Midwifery - What is a Midwife?

Midwifery is the art of safeguarding the natural process of pregnancy, labor and birth. A midwife is a trained professional with special expertise in supporting women in maintaining a healthy pregnancy, offering expert individualized care, education, counseling and support to a woman and her newborn throughout the childbearing cycle. 

 A midwife works with each woman and her family to identify their unique physical, social and emotional needs. When the care required is outside the midwife's scope of practice or expertise, the woman is referred to other health care providers for additional consultation or care. The Midwives Alliance of North America, the North American Registry of Midwives, the Midwifery Education Accreditation Council and Citizens for Midwifery agreed on a short definition of what "midwifery care" means. However, just because a person is a midwife does not guarantee that they provide this kind of care; consumers looking for a midwife should ask questions to determine if a prospective caregiver will be able to provide the kind of care they seek.  

Home Birthing Discussion
A discussion on the topic of Home Birthing and licensing midwives in North Carolina and other U.S. states with Russ Fawcett and Jennifer Block.

Brief Overview

Direct-Entry Midwives (including Licensed Midwives)
  • Not required to be nurses.
  • Multiple routes of education (apprenticeship, workshops, formal classes or programs, etc., usually a combination).
  • May or may not have a college degree.
  • May or may not be certified by a state or national organization.
  • Legal status varies according to state.
  • Licensed or regulated in 21 states.
  • In most states licensed midwives are not required to have any practice agreement with a doctor.
  • Educational background requirements and licensing requirements vary by state.
  • By and large maintain autonomous practices outside of institutions.
  • Train and practice most often in home or out-of-hospital birth center settings.

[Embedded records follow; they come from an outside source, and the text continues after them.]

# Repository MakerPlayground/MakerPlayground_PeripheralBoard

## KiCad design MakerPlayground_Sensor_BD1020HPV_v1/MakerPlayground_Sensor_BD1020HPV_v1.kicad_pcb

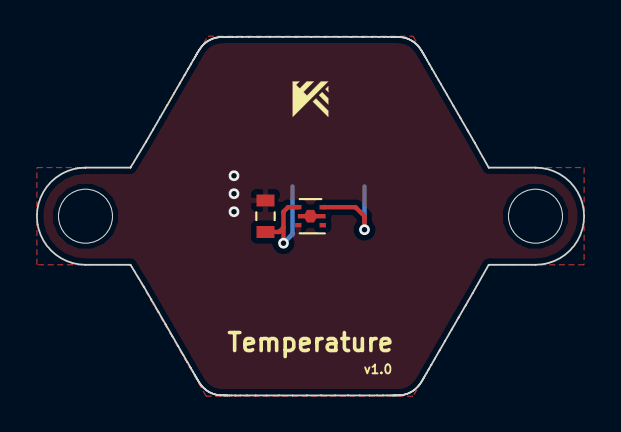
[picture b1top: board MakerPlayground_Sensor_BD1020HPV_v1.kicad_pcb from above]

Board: 2 copper layers, 30.4 x 19.9 mm, 3 parts (1 on the bottom side), 3 nets.

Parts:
C1: 0.1uF; C_0603_1608Metric
J1: Conn_01x04; JST_PH_S4B-PH-SM4-TB_1x04-1MP_P2.00mm_Horizontal
U1: BD1020HFV; HVSOF5

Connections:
GND: C1.2, J1.1, U1.5
unnamed: J1.4, U1.3
VCC: C1.1, J1.2, U1.4

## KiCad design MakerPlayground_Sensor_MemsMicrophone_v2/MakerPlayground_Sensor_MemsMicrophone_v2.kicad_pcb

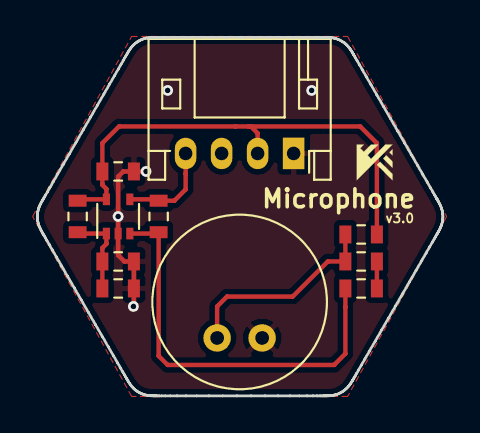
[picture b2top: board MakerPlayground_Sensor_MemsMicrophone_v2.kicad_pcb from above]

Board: 2 copper layers, 22.5 x 19.9 mm, 11 parts (0 on the bottom side), 7 nets.

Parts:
C4, C5: 4.7uF; C_0603_1608Metric
C7: 0.1uF; C_0603_1608Metric
J1: Conn_01x04; JST_PH_S4B-PH-K_1x04_P2.00mm_Horizontal
MK1: 9.7mm; Condenser_Microphone_9.7mm
R1, R2, R3: 10K; R_0603_1608Metric
R4: 820K; R_0603_1608Metric
R5: 2K; R_0603_1608Metric
U2: BD5291FVE-GTR; SOT-353_SC-70-5

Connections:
GND: C5.1, C7.1, J1.1, MK1.2, R3.2, U2.2
unnamed: C4.1, R1.2
unnamed: C4.2, MK1.1, R5.2
unnamed: C5.2, R2.2, R3.1, U2.1
unnamed: R1.1, R4.2, U2.3
Signal: J1.4, R4.1, U2.4
VCC: C7.2, J1.2, R2.1, R5.1, U2.5

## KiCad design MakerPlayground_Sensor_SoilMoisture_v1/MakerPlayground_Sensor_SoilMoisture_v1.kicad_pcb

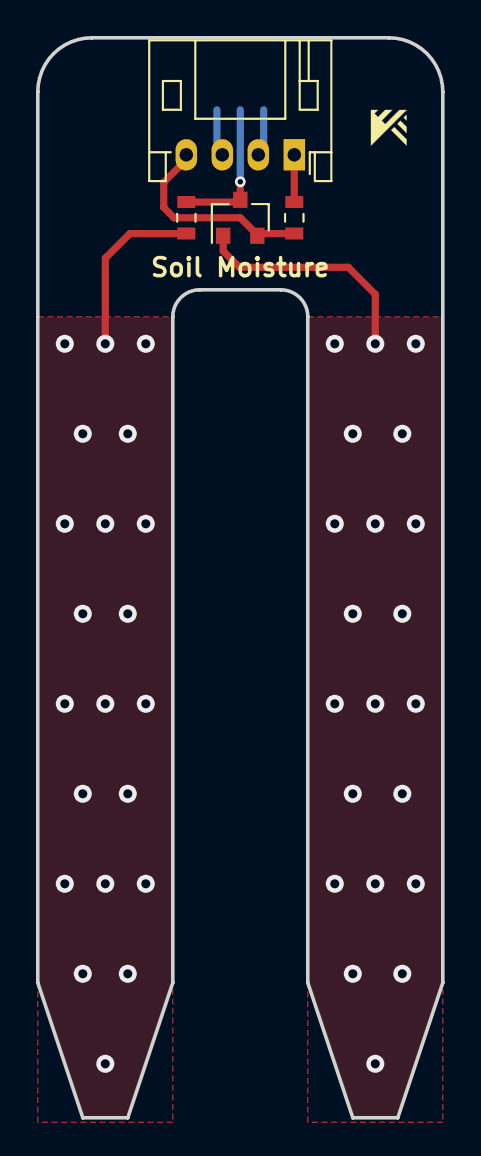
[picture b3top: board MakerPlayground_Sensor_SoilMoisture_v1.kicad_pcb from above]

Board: 2 copper layers, 22.5 x 60.0 mm, 5 parts (1 on the bottom side), 5 nets.

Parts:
J1: Conn_01x04; JST_PH_S4B-PH-K_1x04_P2.00mm_Horizontal
JP1: POWER_SEL; SolderJumper-3_P1.3mm_Bridged12_Pad1.0x1.5mm
Q1: MMBT2222ALT1G; SOT-23
R1: 10K; R_0603_1608Metric
R2: 100; R_0603_1608Metric

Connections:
EN: J1.3, JP1.1
GND: J1.1, R1.2
SIG: J1.4, Q1.2, R1.1
VCC: J1.2, JP1.3
VDD: JP1.2, Q1.3, R2.1
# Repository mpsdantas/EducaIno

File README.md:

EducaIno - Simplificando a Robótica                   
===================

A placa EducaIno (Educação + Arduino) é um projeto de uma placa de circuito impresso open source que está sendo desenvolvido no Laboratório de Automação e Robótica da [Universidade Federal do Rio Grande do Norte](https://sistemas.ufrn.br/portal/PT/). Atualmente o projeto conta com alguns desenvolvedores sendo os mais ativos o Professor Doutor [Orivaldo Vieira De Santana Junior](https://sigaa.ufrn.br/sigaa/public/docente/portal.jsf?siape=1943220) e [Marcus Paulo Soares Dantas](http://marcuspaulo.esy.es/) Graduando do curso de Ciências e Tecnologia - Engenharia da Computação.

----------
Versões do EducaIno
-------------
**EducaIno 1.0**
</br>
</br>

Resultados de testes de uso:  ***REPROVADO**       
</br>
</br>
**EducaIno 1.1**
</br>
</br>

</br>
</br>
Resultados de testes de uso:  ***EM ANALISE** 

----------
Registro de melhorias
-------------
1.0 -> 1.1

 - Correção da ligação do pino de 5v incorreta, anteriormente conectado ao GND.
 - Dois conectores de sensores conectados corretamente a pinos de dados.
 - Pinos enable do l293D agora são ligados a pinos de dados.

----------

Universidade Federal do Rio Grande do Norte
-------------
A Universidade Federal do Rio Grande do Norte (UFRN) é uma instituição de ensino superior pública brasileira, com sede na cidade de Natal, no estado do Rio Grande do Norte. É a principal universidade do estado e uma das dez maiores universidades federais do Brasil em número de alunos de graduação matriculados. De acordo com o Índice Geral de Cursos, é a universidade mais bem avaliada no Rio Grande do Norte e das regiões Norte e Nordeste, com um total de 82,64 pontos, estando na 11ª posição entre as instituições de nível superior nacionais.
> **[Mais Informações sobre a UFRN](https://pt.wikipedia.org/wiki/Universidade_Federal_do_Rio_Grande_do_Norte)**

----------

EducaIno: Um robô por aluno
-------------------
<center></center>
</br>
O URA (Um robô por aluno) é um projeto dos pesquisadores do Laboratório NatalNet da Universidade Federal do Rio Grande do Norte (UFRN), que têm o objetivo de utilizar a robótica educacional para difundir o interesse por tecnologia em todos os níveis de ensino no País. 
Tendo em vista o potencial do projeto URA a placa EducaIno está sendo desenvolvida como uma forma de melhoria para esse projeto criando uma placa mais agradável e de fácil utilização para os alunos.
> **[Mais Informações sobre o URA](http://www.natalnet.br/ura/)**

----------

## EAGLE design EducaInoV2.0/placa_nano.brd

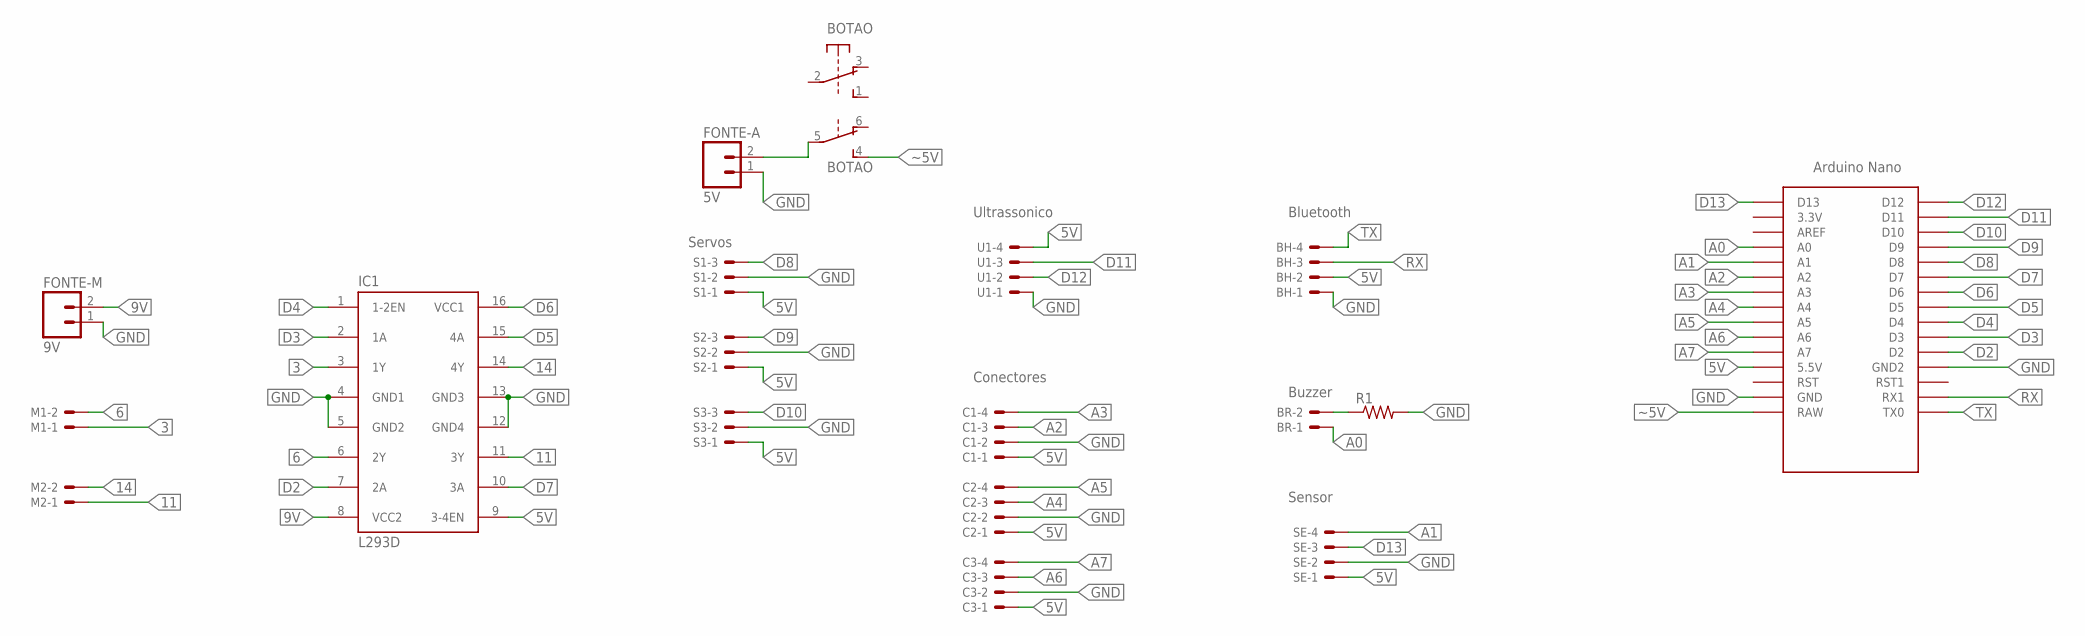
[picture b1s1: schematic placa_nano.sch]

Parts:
BH: 22-23-2041
BOTAO: 9077-2
BR: 22-23-2021
C1, C2, C3: 22-23-2041
FONTE-A: 5V; 02P
FONTE-M: 9V; 02P
IC1: L293D; DIL16
M1, M2: 22-23-2021
R1: R-US_0207/10; 0207/10
S1, S2, S3: 22-23-2031
SE: 22-23-2041
U1: 22-23-2041
U$1: NANO

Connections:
3: IC1.3 (1Y), M1.1
5V: BH.2, C1.1, C2.1, C3.1, IC1.9 (3-4EN), S1.1, S2.1, S3.1, SE.1, U1.4, U$1.5V (5.5V)
6: IC1.6 (2Y), M1.2
9V: FONTE-M.2, IC1.8 (VCC2)
11: IC1.11 (3Y), M2.1
14: IC1.14 (4Y), M2.2
A0: BR.1, U$1.A0
A1: SE.4, U$1.A1
A2: C1.3, U$1.A2
A3: C1.4, U$1.A3
A4: C2.3, U$1.A4
A5: C2.4, U$1.A5
A6: C3.3, U$1.A6
A7: C3.4, U$1.A7
D2: IC1.7 (2A), U$1.D2
D3: IC1.2 (1A), U$1.D3
D4: IC1.1 (1-2EN), U$1.D4
D5: IC1.15 (4A), U$1.D5
D6: IC1.16 (VCC1), U$1.D6
D7: IC1.10 (3A), U$1.D7
D8: S1.3, U$1.D8
D9: S2.3, U$1.D9
D10: S3.3, U$1.D10
D11: U1.3, U$1.D11
D12: U1.2, U$1.D12
D13: SE.3, U$1.D13
GND: BH.1, C1.2, C2.2, C3.2, FONTE-A.1, FONTE-M.1, IC1.4 (GND1), IC1.5 (GND2), IC1.12 (GND4), IC1.13 (GND3), R1.2, S1.2, S2.2, S3.2, SE.2, U1.1, U$1.GND, U$1.GND1 (GND2)
unnamed: BR.2, R1.1
RX: BH.3, U$1.RX1
TX: BH.4, U$1.TX0
~5V: BOTAO.4 (S), BOTAO.5, FONTE-A.2, U$1.RAW

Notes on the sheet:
Servos
Ultrassonico
Bluetooth
Buzzer
Sensor
Conectores

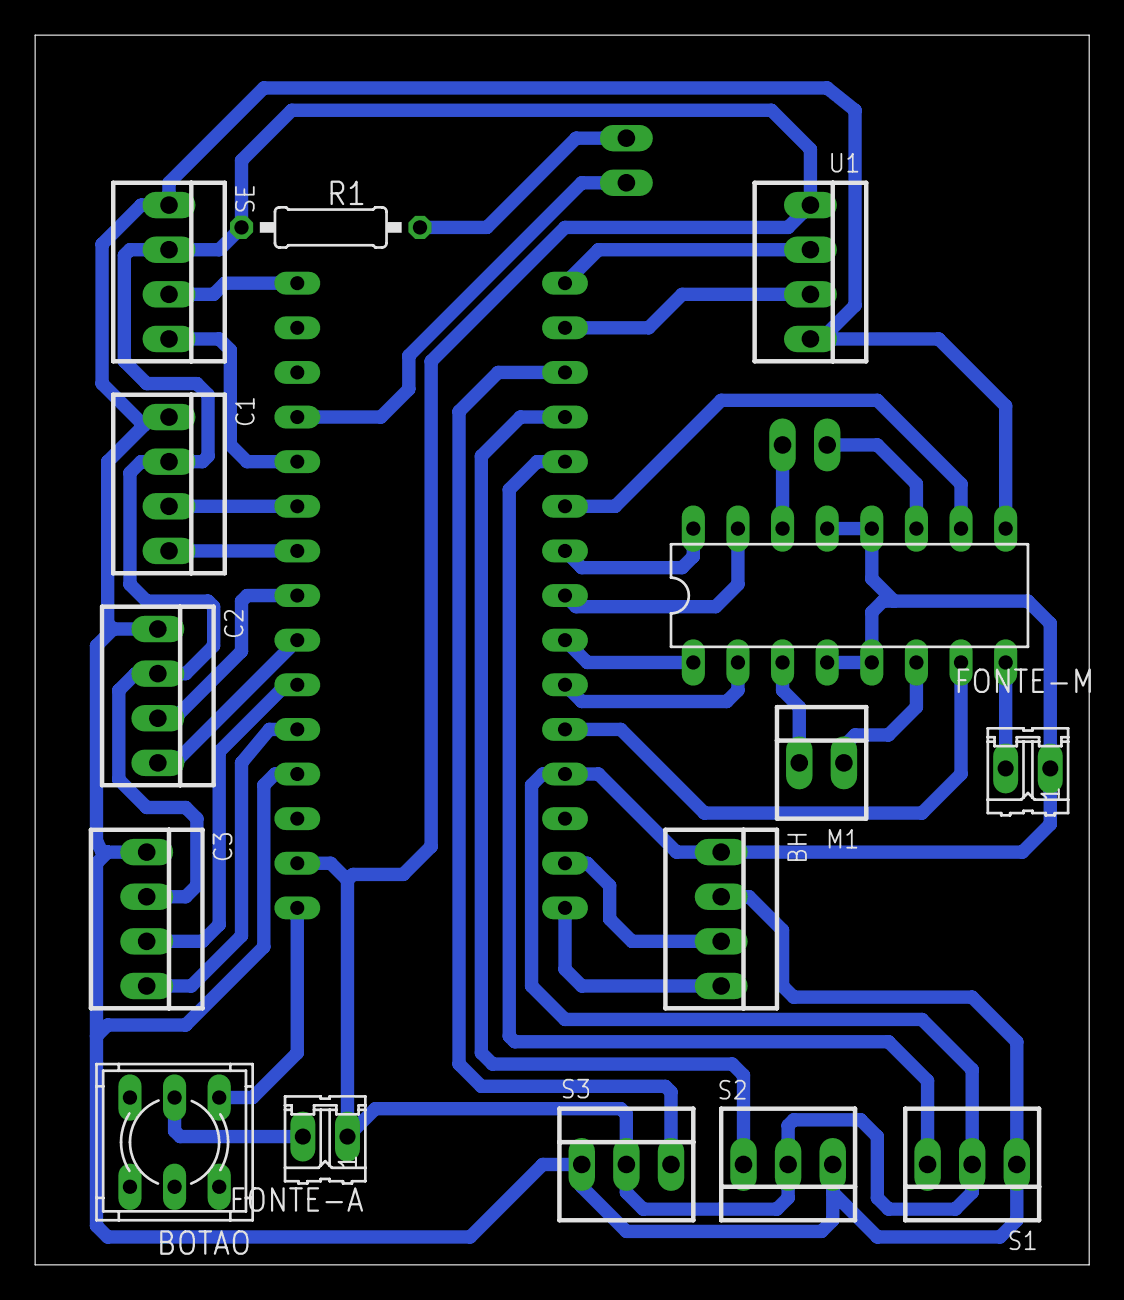
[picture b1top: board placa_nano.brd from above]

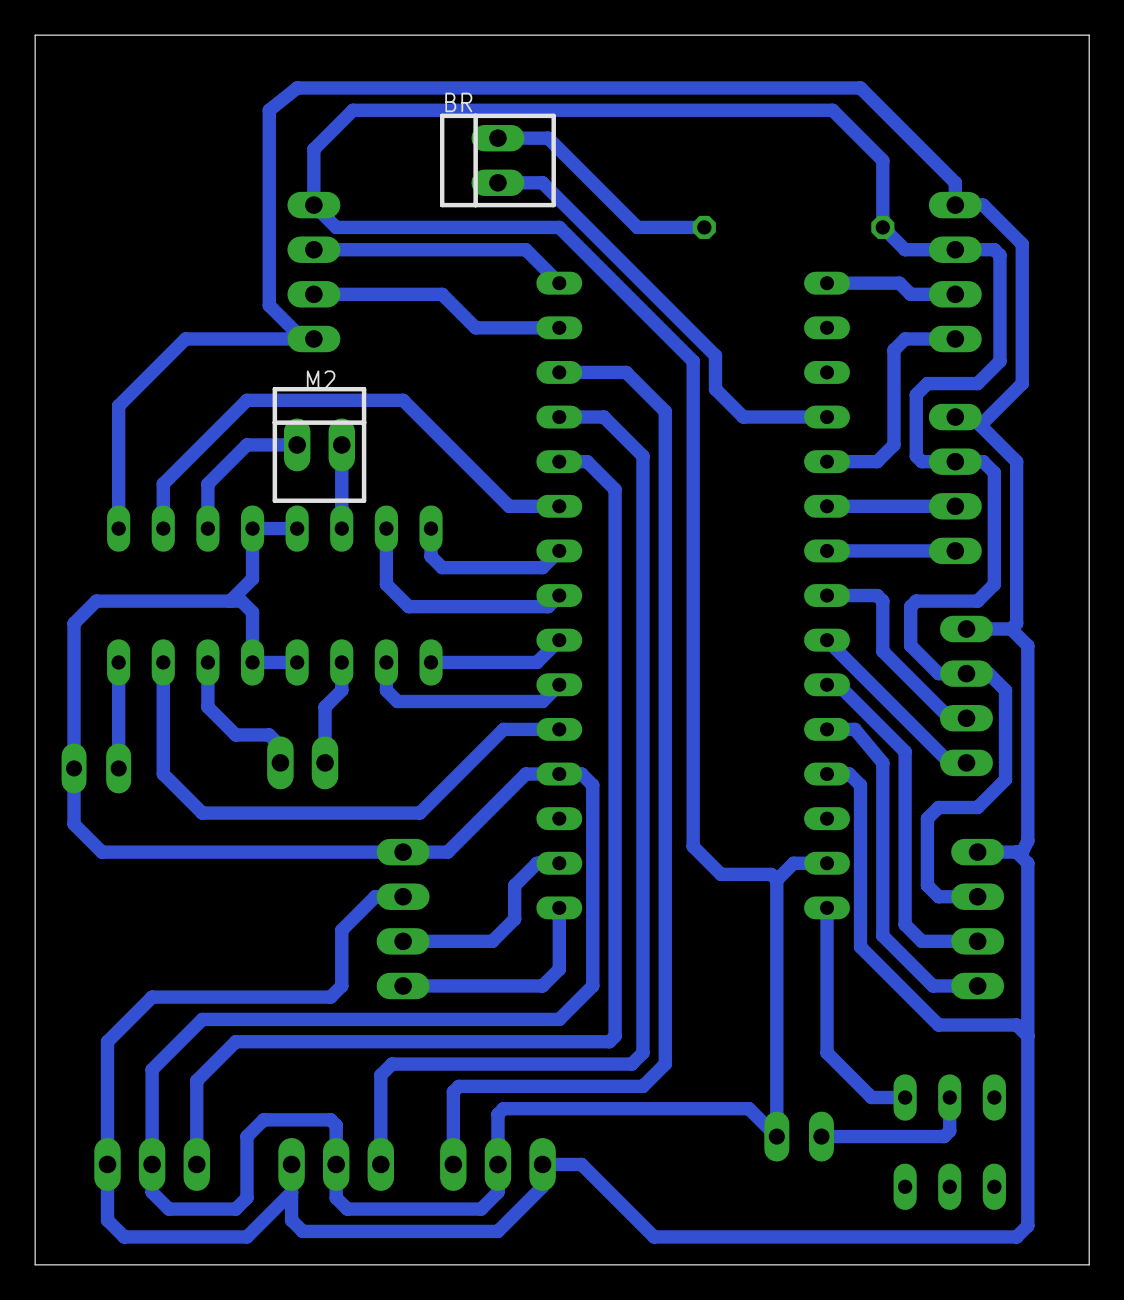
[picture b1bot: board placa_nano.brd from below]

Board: 2 copper layers, 60.0 x 70.0 mm, 18 parts (2 on the bottom side), 31 nets.

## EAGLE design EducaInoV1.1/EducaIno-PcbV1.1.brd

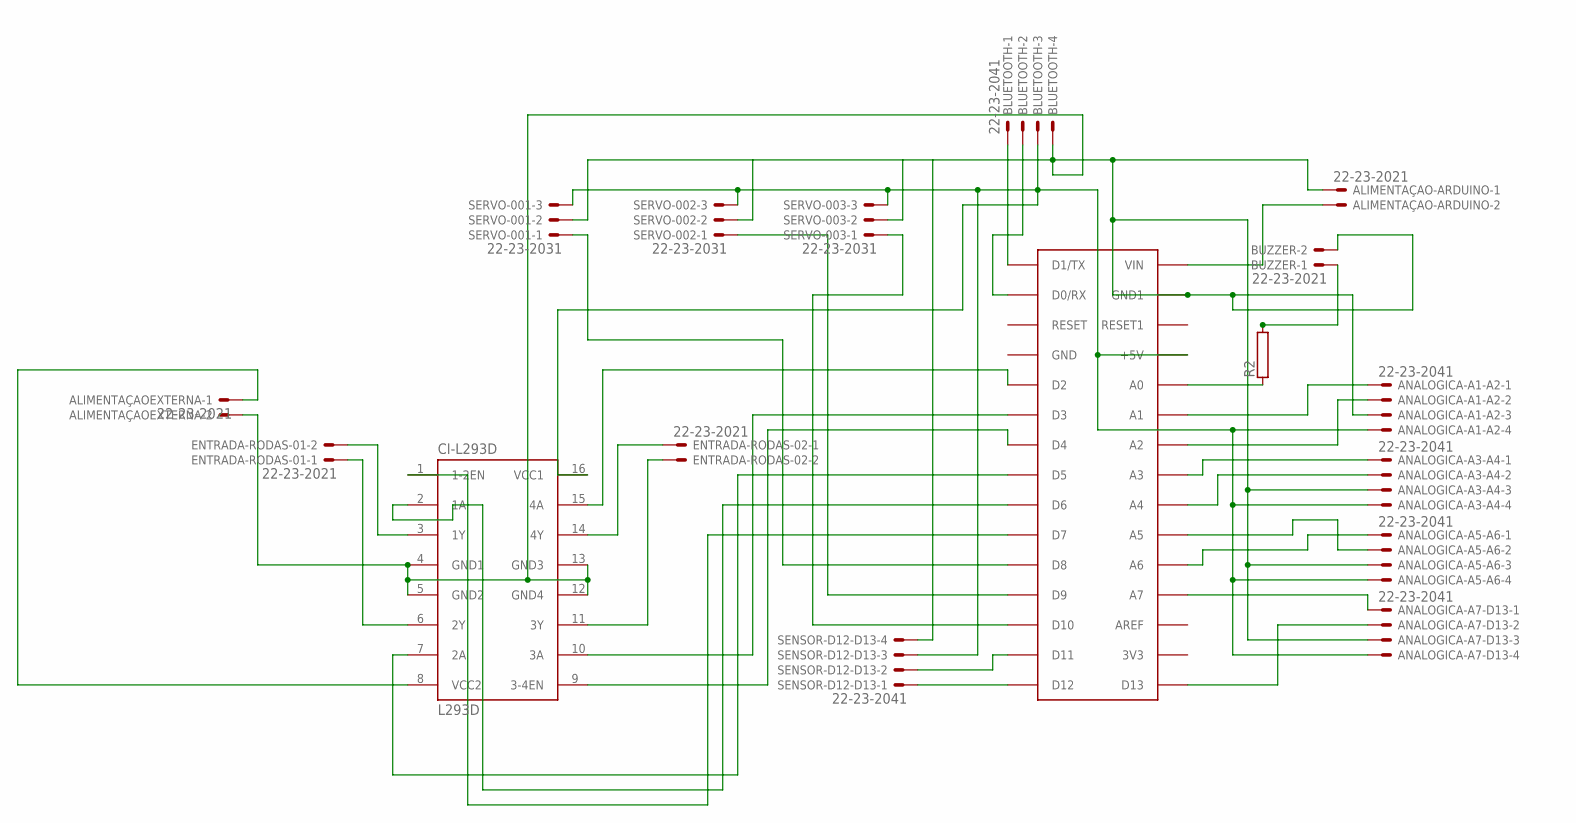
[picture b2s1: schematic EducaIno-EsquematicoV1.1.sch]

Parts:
ALIMENTAÇAO-ARDUINO: 22-23-2021
ALIMENTAÇAOEXTERNA: 22-23-2021
ANALOGICA-A1-A2, ANALOGICA-A3-A4, ANALOGICA-A5-A6, ANALOGICA-A7-D13: 22-23-2041
BLUETOOTH: 22-23-2041
BUZZER: 22-23-2021
CI-L293D: L293D; DIL16
ENTRADA-RODAS-01, ENTRADA-RODAS-02: 22-23-2021
R2: RHPS58; HPS58
SENSOR-D12-D13: 22-23-2041
SERVO-001, SERVO-002, SERVO-003: 22-23-2031
U$1: ARDUINONANO; PDIP-32

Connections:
unnamed: CI-L293D.1 (1-2EN), U$1.D7
unnamed: CI-L293D.3 (1Y), ENTRADA-RODAS-01.2
unnamed: ALIMENTAÇAO-ARDUINO.1, ALIMENTAÇAOEXTERNA.2, ANALOGICA-A1-A2.3, ANALOGICA-A3-A4.3, ANALOGICA-A5-A6.3, ANALOGICA-A7-D13.3, BLUETOOTH.4, BUZZER.2, CI-L293D.4 (GND1), CI-L293D.5 (GND2), CI-L293D.12 (GND4), CI-L293D.13 (GND3), SENSOR-D12-D13.4, SERVO-001.2, SERVO-002.2, SERVO-003.2, U$1.GND1
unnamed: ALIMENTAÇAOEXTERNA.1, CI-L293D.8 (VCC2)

Credential and the North American Registry of Midwives

  • Not required to be nurses.
  • Multiple routes of education recognized; direct entry midwives and certified nurse midwives can qualify for this credential.
  • Education programs accredited by the Midwifery Education Accreditation Council prepare students to meet the requirements for the CPM.
  • Out-of-hospital birth experience is required.
  • Have met rigorous requirements and passed written exam and hands-on skills evaluation.
  • Administered by the North American Registry of Midwives.
  • Legal status varies according to state.
  • Practice most often in homes and birth centers.

Certified Nurse Midwives (CNMs) / ACNM's CM Credential

Certified Nurse Midwives (CNMs)
  • Educated in both nursing and midwifery, primarily in the hospital setting; are "advanced practice nurses.
  • Must have at least a Bachelors Degree when training is complete.
  • Have successfully completed a university-affiliated nurse-midwifery program accredited by the American College of Nurse-Midwives, and passed the exam.
  • Out-of-hospital clinical experience is not required.
  • Are legal and can be licensed in all states.
  • Most practice in hospitals and birth centers.
  • In most states must have some kind of agreement with a doctor for consultation and referral; practicing without such an agreement can lead to loss of license.

Certified Midwife (CM)
The Certified Midwife (CM) is a new credential from the ACNM that does not require a nursing degree but is otherwise similar to the CNM credential. As of 1998 the CM is legally recognized in only one state (NY) and does not meet existing direct entry midwife licensing requirements in any other states.